Peiter Zatko, Twitter’s security chief until he was fired early this year, filed the complaints last month

A former head of security at Twitter has filed whistleblower complaints with U.S. officials, alleging that the company misled regulators about its cybersecurity defenses and its problems with fake accounts, according to reports by The Washington Post and CNN.

Peiter Zatko, Twitter’s security chief until he was fired early this year, filed the complaints last month with the U.S. Securities and Exchange Commission, the Federal Trade Commission and the Department of Justice.

The Post, which obtained the complaint, reported that among the most serious accusations is that Twitter violated the terms of an FTC settlement by falsely claiming that it had a strong security plan.

Mr. Zatko also accuses the company of deceptions involving its handling of “spam” or fake accounts, an allegation that is at the core of the attempted withdrawal of a $44 billion takeover bid for Twitter by billionaire Elon Musk.

Mr. Zatko didn’t immediately respond to a request for comment Tuesday but told the Post he “felt ethically bound” to come forward.

Mr. Zatko, better known as Mudge, is a highly respected cybersecurity expert who first gained prominence in the 1990s and later worked in senior positions at the Pentagon’s Defense Advanced Research Agency and Google. He joined Twitter at the urging of then-CEO Jack Dorsey in late 2020.

Twitter said in a prepared statement Tuesday that Mr. Zatko was fired for “ineffective leadership and poor performance” and that the “allegations and opportunistic timing appear designed to capture attention and inflict harm on Twitter, its customers and its shareholders.”
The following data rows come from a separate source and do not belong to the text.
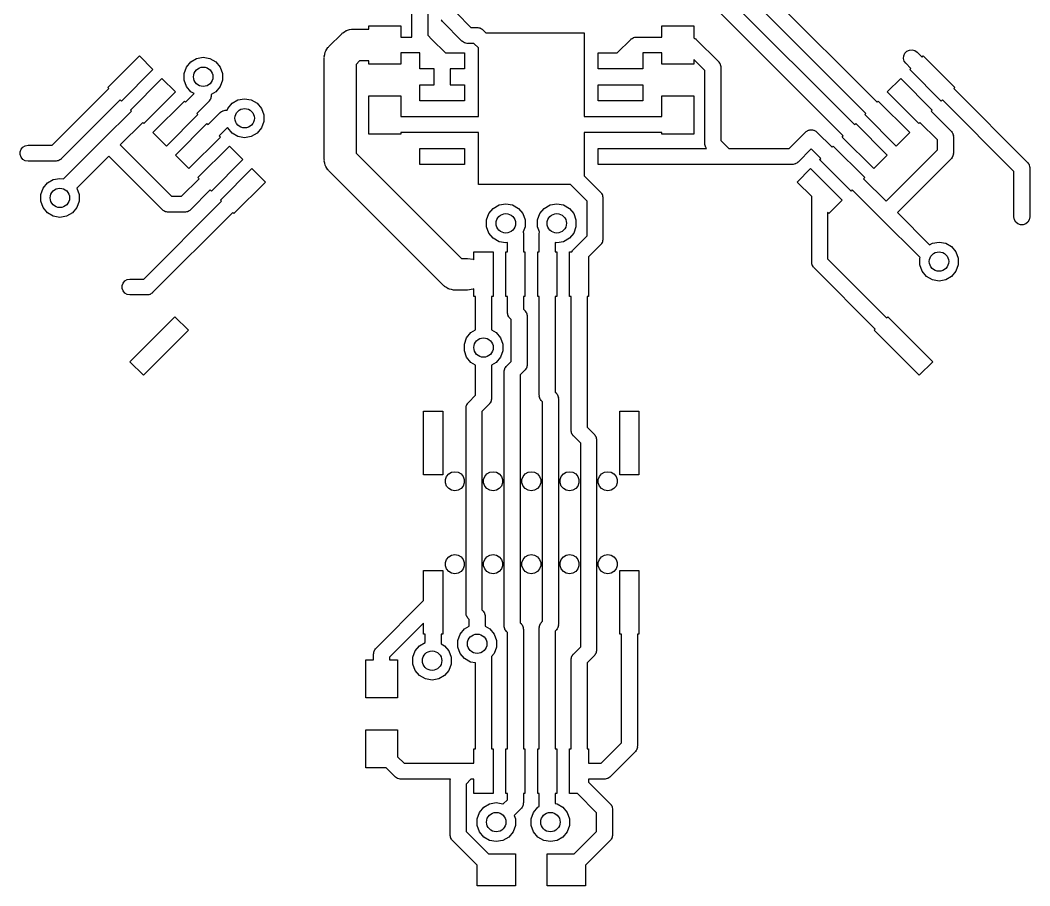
# Model space of a CAD drawing. Extents: x 77.9 to 119.8, y -117.2 to -80.9.
# Drawn here: x 91.98 to 107.83, y -117.2 to -103.61 of the extents above; entities that cross this region are included whole.
import ezdxf

# ---------------------------------------------------------------- set-up
doc = ezdxf.new("R2010")
doc.units = 0
doc.header["$MEASUREMENT"] = 0
doc.layers.add('BLACK', color=7, linetype='CONTINUOUS')

msp = doc.modelspace()

# ---------------------------------------------------------------- linework, layer by layer
at = {"layer": 'Black'}
for p, q in [((98.125, -103.875), (98.125, -102.4)), ((103.175, -102.645), (105.428, -104.897)), ((98.375, -102.75), (98.375, -103.848)), ((104.897, -105.428), (102.312, -102.842)), ((102.525, -102.702), (105.074, -105.251)), ((105.251, -105.074), (102.962, -102.785)), ((98.5961, -103.616), (98.5867, -103.603)), ((98.6042, -103.63), (98.5961, -103.616)), ((98.6085, -103.634), (98.6042, -103.63)), ((98.6116, -103.638), (98.6085, -103.634)), ((98.9116, -103.938), (98.6116, -103.638)), ((98.825, -103.498), (99.0518, -103.725)), ((97.0393, -103.808), (97.0676, -103.792)), ((97.0676, -103.792), (97.0943, -103.773)), ((97.0943, -103.773), (97.105, -103.771)), ((97.105, -103.771), (97.1145, -103.765)), ((97.1145, -103.765), (97.1467, -103.759)), ((97.1467, -103.759), (97.1782, -103.751)), ((97.1782, -103.751), (97.1892, -103.752)), ((97.1892, -103.752), (97.2, -103.75)), ((97.2, -103.75), (97.45, -103.75)), ((97.45, -103.75), (97.45, -103.7)), ((97.45, -103.7), (97.95, -103.7)), ((97.95, -103.7), (97.95, -103.875)), ((99.0518, -103.725), (99.15, -103.725)), ((99.15, -103.725), (99.1554, -103.726)), ((99.1554, -103.726), (99.1609, -103.725)), ((99.1609, -103.725), (99.1767, -103.73)), ((99.1767, -103.73), (99.1928, -103.733)), ((99.1928, -103.733), (99.1975, -103.735)), ((99.1975, -103.735), (99.2028, -103.737)), ((99.2028, -103.737), (99.2162, -103.746)), ((99.2162, -103.746), (99.2303, -103.754)), ((99.2303, -103.754), (99.2339, -103.758)), ((99.2339, -103.758), (99.2384, -103.762)), ((99.2384, -103.762), (99.2868, -103.81)), ((102.05, -103.875), (102.05, -103.7)), ((102.05, -103.7), (102.55, -103.7)), ((102.55, -103.7), (102.55, -103.886)), ((96.8232, -104.023), (97.0232, -103.823)), ((97.0232, -103.823), (97.0322, -103.817)), ((97.0322, -103.817), (97.0393, -103.808)), ((97.95, -103.875), (98.125, -103.875)), ((98.375, -103.848), (98.4384, -103.912)), ((98.4384, -103.912), (98.4384, -103.912)), ((98.4384, -103.912), (98.6518, -104.125)), ((98.9161, -103.942), (98.9116, -103.938)), ((98.9197, -103.946), (98.9161, -103.942)), ((98.9338, -103.954), (98.9197, -103.946)), ((98.9472, -103.963), (98.9338, -103.954)), ((98.9525, -103.965), (98.9472, -103.963)), ((99.2868, -103.81), (100, -103.81)), ((100, -103.81), (100.83, -103.81)), ((100.83, -103.81), (100.83, -105)), ((101.348, -104.125), (101.562, -103.912)), ((101.562, -103.912), (101.566, -103.908)), ((101.566, -103.908), (101.57, -103.904)), ((101.57, -103.904), (101.584, -103.896)), ((101.584, -103.896), (101.597, -103.887)), ((101.597, -103.887), (101.602, -103.885)), ((101.602, -103.885), (101.607, -103.883)), ((101.607, -103.883), (101.623, -103.88)), ((101.623, -103.88), (101.639, -103.875)), ((101.639, -103.875), (101.645, -103.876)), ((101.645, -103.876), (101.65, -103.875)), ((101.65, -103.875), (102.05, -103.875)), ((102.55, -103.886), (102.553, -103.887)), ((102.553, -103.887), (102.566, -103.896)), ((102.566, -103.896), (102.58, -103.904)), ((102.58, -103.904), (102.584, -103.908)), ((102.584, -103.908), (102.588, -103.912)), ((102.588, -103.912), (102.938, -104.262)), ((96.7594, -104.147), (96.7651, -104.114)), ((96.7651, -104.114), (96.7706, -104.105)), ((96.7706, -104.105), (96.7734, -104.094)), ((96.7734, -104.094), (96.7922, -104.068)), ((96.7922, -104.068), (96.8085, -104.039)), ((96.8085, -104.039), (96.8169, -104.032)), ((96.8169, -104.032), (96.8232, -104.023)), ((98.9572, -103.967), (98.9525, -103.965)), ((98.9733, -103.97), (98.9572, -103.967)), ((98.9891, -103.975), (98.9733, -103.97)), ((98.9946, -103.974), (98.9891, -103.975)), ((99, -103.975), (98.9946, -103.974)), ((99.0982, -103.975), (99, -103.975)), ((99.17, -104.047), (99.0982, -103.975)), ((99.17, -105), (99.17, -104.047)), ((105.865, -104.128), (105.896, -104.098)), ((105.896, -104.098), (105.935, -104.079)), ((105.935, -104.079), (105.979, -104.075)), ((105.979, -104.075), (106.021, -104.087)), ((106.021, -104.087), (106.056, -104.112)), ((106.056, -104.112), (106.135, -104.19)), ((93.3525, -104.668), (93.8475, -104.173)), ((93.8475, -104.173), (94.0596, -104.385)), ((94.585, -104.347), (94.6533, -104.266)), ((94.6533, -104.266), (94.7454, -104.212)), ((94.7454, -104.212), (94.85, -104.194)), ((94.85, -104.194), (94.9546, -104.212)), ((94.9546, -104.212), (95.0467, -104.266)), ((95.0467, -104.266), (95.115, -104.347)), ((96.75, -104.2), (96.7519, -104.189)), ((96.75, -105.8), (96.75, -104.2)), ((96.751, -104.178), (96.7594, -104.147)), ((96.7519, -104.189), (96.751, -104.178)), ((97.3036, -104.25), (97.25, -104.304)), ((97.45, -104.25), (97.3036, -104.25)), ((97.45, -104.3), (97.45, -104.25)), ((98.25, -104.125), (97.95, -104.125)), ((97.95, -104.125), (97.95, -104.3)), ((98.25, -104.375), (98.25, -104.125)), ((98.6518, -104.125), (98.95, -104.125)), ((98.95, -104.125), (98.95, -104.375)), ((101.05, -104.375), (101.05, -104.125)), ((101.05, -104.125), (101.348, -104.125)), ((102.05, -104.125), (101.75, -104.125)), ((101.75, -104.125), (101.75, -104.375)), ((102.05, -104.3), (102.05, -104.125)), ((102.725, -104.402), (102.55, -104.227)), ((102.55, -104.227), (102.55, -104.3)), ((102.938, -104.262), (102.942, -104.266)), ((102.942, -104.266), (102.946, -104.27)), ((102.946, -104.27), (102.954, -104.284)), ((105.843, -104.211), (105.847, -104.168)), ((105.854, -104.253), (105.843, -104.211)), ((105.847, -104.168), (105.865, -104.128)), ((105.879, -104.288), (105.854, -104.253)), ((106.135, -104.19), (106.153, -104.173)), ((106.153, -104.173), (106.647, -104.668)), ((94.0596, -104.385), (93.5646, -104.88)), ((94.5487, -104.447), (94.585, -104.347)), ((95.115, -104.347), (95.1513, -104.447)), ((97.25, -104.304), (97.25, -105.696)), ((97.95, -104.3), (97.45, -104.3)), ((98.475, -104.375), (98.25, -104.375)), ((98.475, -104.625), (98.475, -104.375)), ((98.95, -104.375), (98.725, -104.375)), ((98.725, -104.375), (98.725, -104.625)), ((101.75, -104.375), (101.05, -104.375)), ((102.55, -104.3), (102.05, -104.3)), ((102.725, -105.55), (102.725, -104.402)), ((102.954, -104.284), (102.963, -104.297)), ((102.963, -104.297), (102.965, -104.302)), ((102.965, -104.302), (102.967, -104.307)), ((102.967, -104.307), (102.97, -104.323)), ((102.97, -104.323), (102.975, -104.339)), ((102.975, -104.339), (102.974, -104.345)), ((102.974, -104.345), (102.975, -104.35)), ((102.975, -104.35), (102.975, -105.498)), ((105.958, -104.367), (105.879, -104.288)), ((105.94, -104.385), (105.958, -104.367)), ((106.435, -104.88), (105.94, -104.385)), ((93.7061, -105.021), (94.201, -104.526)), ((94.201, -104.526), (94.4132, -104.738)), ((94.5487, -104.553), (94.5487, -104.447)), ((94.585, -104.653), (94.5487, -104.553)), ((95.1513, -104.553), (95.115, -104.653)), ((95.1513, -104.447), (95.1513, -104.553)), ((105.587, -104.738), (105.799, -104.526)), ((105.799, -104.526), (106.294, -105.021)), ((92.4805, -105.575), (93.3702, -104.685)), ((93.3702, -104.685), (93.3525, -104.668)), ((94.4132, -104.738), (93.9182, -105.233)), ((94.6533, -104.734), (94.585, -104.653)), ((94.7053, -104.764), (94.6533, -104.734)), ((95.0467, -104.734), (94.975, -104.776)), ((95.115, -104.653), (95.0467, -104.734)), ((98.25, -104.875), (98.25, -104.625)), ((98.25, -104.625), (98.475, -104.625)), ((98.725, -104.625), (98.95, -104.625)), ((98.95, -104.625), (98.95, -104.875)), ((101.05, -104.875), (101.05, -104.625)), ((101.05, -104.625), (101.75, -104.625)), ((101.75, -104.625), (101.75, -104.875)), ((106.082, -105.233), (105.587, -104.738)), ((106.647, -104.668), (106.63, -104.685)), ((106.63, -104.685), (107.788, -105.844)), ((93.547, -104.862), (92.6206, -105.788)), ((93.5646, -104.88), (93.547, -104.862)), ((94.0596, -105.375), (94.5546, -104.88)), ((94.5546, -104.88), (94.5723, -104.897)), ((94.5723, -104.897), (94.7053, -104.764)), ((94.9384, -104.885), (94.749, -105.074)), ((94.9415, -104.88), (94.9384, -104.885)), ((94.9458, -104.877), (94.9415, -104.88)), ((94.9539, -104.863), (94.9458, -104.877)), ((94.9633, -104.849), (94.9539, -104.863)), ((94.9647, -104.844), (94.9633, -104.849)), ((94.9675, -104.839), (94.9647, -104.844)), ((94.9703, -104.823), (94.9675, -104.839)), ((94.9745, -104.807), (94.9703, -104.823)), ((94.975, -104.796), (94.974, -104.802)), ((94.974, -104.802), (94.9745, -104.807)), ((94.975, -104.776), (94.975, -104.796)), ((95.3033, -104.916), (95.3954, -104.862)), ((95.3954, -104.862), (95.5, -104.844)), ((95.5, -104.844), (95.6046, -104.862)), ((95.6046, -104.862), (95.6967, -104.916)), ((97.45, -105.4), (97.45, -104.8)), ((97.45, -104.8), (97.95, -104.8)), ((97.95, -104.8), (97.95, -105.125)), ((98.95, -104.875), (98.25, -104.875)), ((101.75, -104.875), (101.05, -104.875)), ((102.05, -105.125), (102.05, -104.8)), ((102.05, -104.8), (102.55, -104.8)), ((102.55, -104.8), (102.55, -105.4)), ((105.428, -104.897), (105.445, -104.88)), ((105.445, -104.88), (105.94, -105.375)), ((106.453, -104.862), (106.435, -104.88)), ((107.575, -105.984), (106.453, -104.862)), ((93.2813, -105.481), (93.7237, -105.039)), ((93.7237, -105.039), (93.7061, -105.021)), ((94.9258, -105.251), (95.1152, -105.062)), ((95.1152, -105.062), (95.1197, -105.058)), ((95.1197, -105.058), (95.1232, -105.054)), ((95.1232, -105.054), (95.1373, -105.046)), ((95.1373, -105.046), (95.1507, -105.037)), ((95.1507, -105.037), (95.156, -105.035)), ((95.156, -105.035), (95.1608, -105.033)), ((95.1608, -105.033), (95.1769, -105.03)), ((95.1769, -105.03), (95.1927, -105.025)), ((95.1927, -105.025), (95.1981, -105.026)), ((95.1981, -105.026), (95.2036, -105.025)), ((95.2036, -105.025), (95.2248, -105.025)), ((95.2248, -105.025), (95.235, -104.997)), ((95.235, -104.997), (95.3033, -104.916)), ((95.6967, -104.916), (95.765, -104.997)), ((95.765, -104.997), (95.8013, -105.097)), ((99.17, -105.125), (99.17, -105)), ((100.83, -105), (100.83, -105.125)), ((106.294, -105.021), (106.276, -105.039)), ((106.276, -105.039), (106.588, -105.351)), ((93.9005, -105.216), (93.5464, -105.57)), ((93.9182, -105.233), (93.9005, -105.216)), ((94.7667, -105.092), (94.2718, -105.587)), ((94.749, -105.074), (94.7667, -105.092)), ((95.8013, -105.203), (95.765, -105.303)), ((95.8013, -105.097), (95.8013, -105.203)), ((97.95, -105.125), (98.6, -105.125)), ((98.6, -105.125), (98.95, -105.125)), ((98.95, -105.125), (99.17, -105.125)), ((100.83, -105.125), (101.4, -105.125)), ((101.4, -105.125), (101.75, -105.125)), ((101.75, -105.125), (102.05, -105.125)), ((105.233, -105.092), (105.251, -105.074)), ((105.728, -105.587), (105.233, -105.092)), ((106.099, -105.216), (106.082, -105.233)), ((106.375, -105.491), (106.099, -105.216)), ((94.2718, -105.587), (94.0596, -105.375)), ((94.4132, -105.728), (94.9081, -105.233)), ((94.9081, -105.233), (94.9258, -105.251)), ((95.233, -105.297), (95.1026, -105.428)), ((95.235, -105.303), (95.233, -105.297)), ((95.3033, -105.384), (95.235, -105.303)), ((95.3954, -105.438), (95.3033, -105.384)), ((95.6967, -105.384), (95.6046, -105.438)), ((95.765, -105.303), (95.6967, -105.384)), ((98.25, -105.375), (97.95, -105.375)), ((97.95, -105.375), (97.95, -105.4)), ((98.6, -105.375), (98.25, -105.375)), ((99.17, -105.375), (98.6, -105.375)), ((99.17, -106.19), (99.17, -105.375)), ((101.05, -105.375), (100.83, -105.375)), ((100.83, -105.375), (100.83, -106.053)), ((101.4, -105.375), (101.05, -105.375)), ((102.05, -105.375), (101.4, -105.375)), ((102.05, -105.4), (102.05, -105.375)), ((104.048, -105.625), (104.306, -105.367)), ((104.306, -105.367), (104.315, -105.361)), ((104.315, -105.361), (104.323, -105.353)), ((104.323, -105.353), (104.333, -105.348)), ((104.333, -105.348), (104.342, -105.342)), ((104.342, -105.342), (104.352, -105.339)), ((104.352, -105.339), (104.362, -105.335)), ((104.362, -105.335), (104.373, -105.334)), ((104.373, -105.334), (104.384, -105.331)), ((104.384, -105.331), (104.395, -105.332)), ((104.395, -105.332), (104.406, -105.331)), ((104.406, -105.331), (104.416, -105.334)), ((104.416, -105.334), (104.427, -105.335)), ((104.427, -105.335), (104.437, -105.339)), ((104.437, -105.339), (104.447, -105.342)), ((104.447, -105.342), (104.456, -105.348)), ((104.456, -105.348), (104.466, -105.353)), ((104.466, -105.353), (104.474, -105.361)), ((104.474, -105.361), (104.483, -105.367)), ((104.483, -105.367), (104.721, -105.605)), ((105.074, -105.251), (105.092, -105.233)), ((105.092, -105.233), (105.587, -105.728)), ((105.94, -105.375), (105.728, -105.587)), ((106.588, -105.351), (106.592, -105.355)), ((106.592, -105.355), (106.596, -105.359)), ((106.596, -105.359), (106.604, -105.373)), ((106.604, -105.373), (106.613, -105.387)), ((106.613, -105.387), (106.615, -105.392)), ((92.6583, -106.104), (93.2813, -105.481)), ((93.2813, -105.481), (93.2813, -105.481)), ((95.1203, -105.445), (94.6253, -105.94)), ((95.1026, -105.428), (95.1203, -105.445)), ((95.5, -105.456), (95.3954, -105.438)), ((95.6046, -105.438), (95.5, -105.456)), ((97.95, -105.4), (97.45, -105.4)), ((102.55, -105.4), (102.05, -105.4)), ((102.975, -105.498), (103.102, -105.625)), ((104.88, -105.445), (104.897, -105.428)), ((105.375, -105.94), (104.88, -105.445)), ((106.375, -105.648), (106.375, -105.491)), ((106.615, -105.392), (106.617, -105.397)), ((106.617, -105.397), (106.62, -105.413)), ((106.62, -105.413), (106.625, -105.428)), ((106.625, -105.428), (106.624, -105.434)), ((106.624, -105.434), (106.625, -105.439)), ((106.625, -105.439), (106.625, -105.7)), ((91.9769, -105.678), (91.9917, -105.637)), ((91.9769, -105.722), (91.9769, -105.678)), ((91.9917, -105.637), (92.0197, -105.604)), ((92.0197, -105.604), (92.0572, -105.583)), ((92.0572, -105.583), (92.1, -105.575)), ((92.1, -105.575), (92.4805, -105.575)), ((93.5464, -105.57), (94.3518, -106.375)), ((94.7667, -106.082), (95.2617, -105.587)), ((95.2617, -105.587), (95.4738, -105.799)), ((97.25, -105.696), (98.9036, -107.35)), ((98.25, -105.875), (98.25, -105.625)), ((98.25, -105.625), (98.95, -105.625)), ((98.95, -105.625), (98.95, -105.875)), ((101.05, -105.875), (101.05, -105.625)), ((101.05, -105.625), (101.75, -105.625)), ((101.75, -105.625), (102.751, -105.625)), ((102.726, -105.555), (102.725, -105.55)), ((102.725, -105.561), (102.726, -105.555)), ((102.73, -105.577), (102.725, -105.561)), ((102.733, -105.593), (102.73, -105.577)), ((102.735, -105.598), (102.733, -105.593)), ((102.737, -105.603), (102.735, -105.598)), ((102.746, -105.616), (102.737, -105.603)), ((102.751, -105.625), (102.746, -105.616)), ((103.102, -105.625), (104.048, -105.625)), ((104.395, -105.632), (104.188, -105.838)), ((104.544, -105.781), (104.395, -105.632)), ((104.721, -105.605), (104.738, -105.587)), ((104.738, -105.587), (105.233, -106.082)), ((105.57, -106.454), (106.375, -105.648)), ((106.625, -105.7), (106.624, -105.705)), ((106.624, -105.705), (106.625, -105.711)), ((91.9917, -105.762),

“What we’ve seen so far is a false narrative about Twitter and our privacy and data security practices that is riddled with inconsistencies and inaccuracies and lacks important context,” the company said.

A spokesperson for the U.S. Senate’s intelligence committee, Rachel Cohen, said the committee has received the complaint and “is in the process of setting up a meeting to discuss the allegations in further detail. We take this matter seriously.”

Among the most alarming complaints is Mr. Zatko’s allegation that Twitter knowingly allowed the Indian government to place its agents on the company payroll where they had “direct unsupervised access to the company’s systems and user data.”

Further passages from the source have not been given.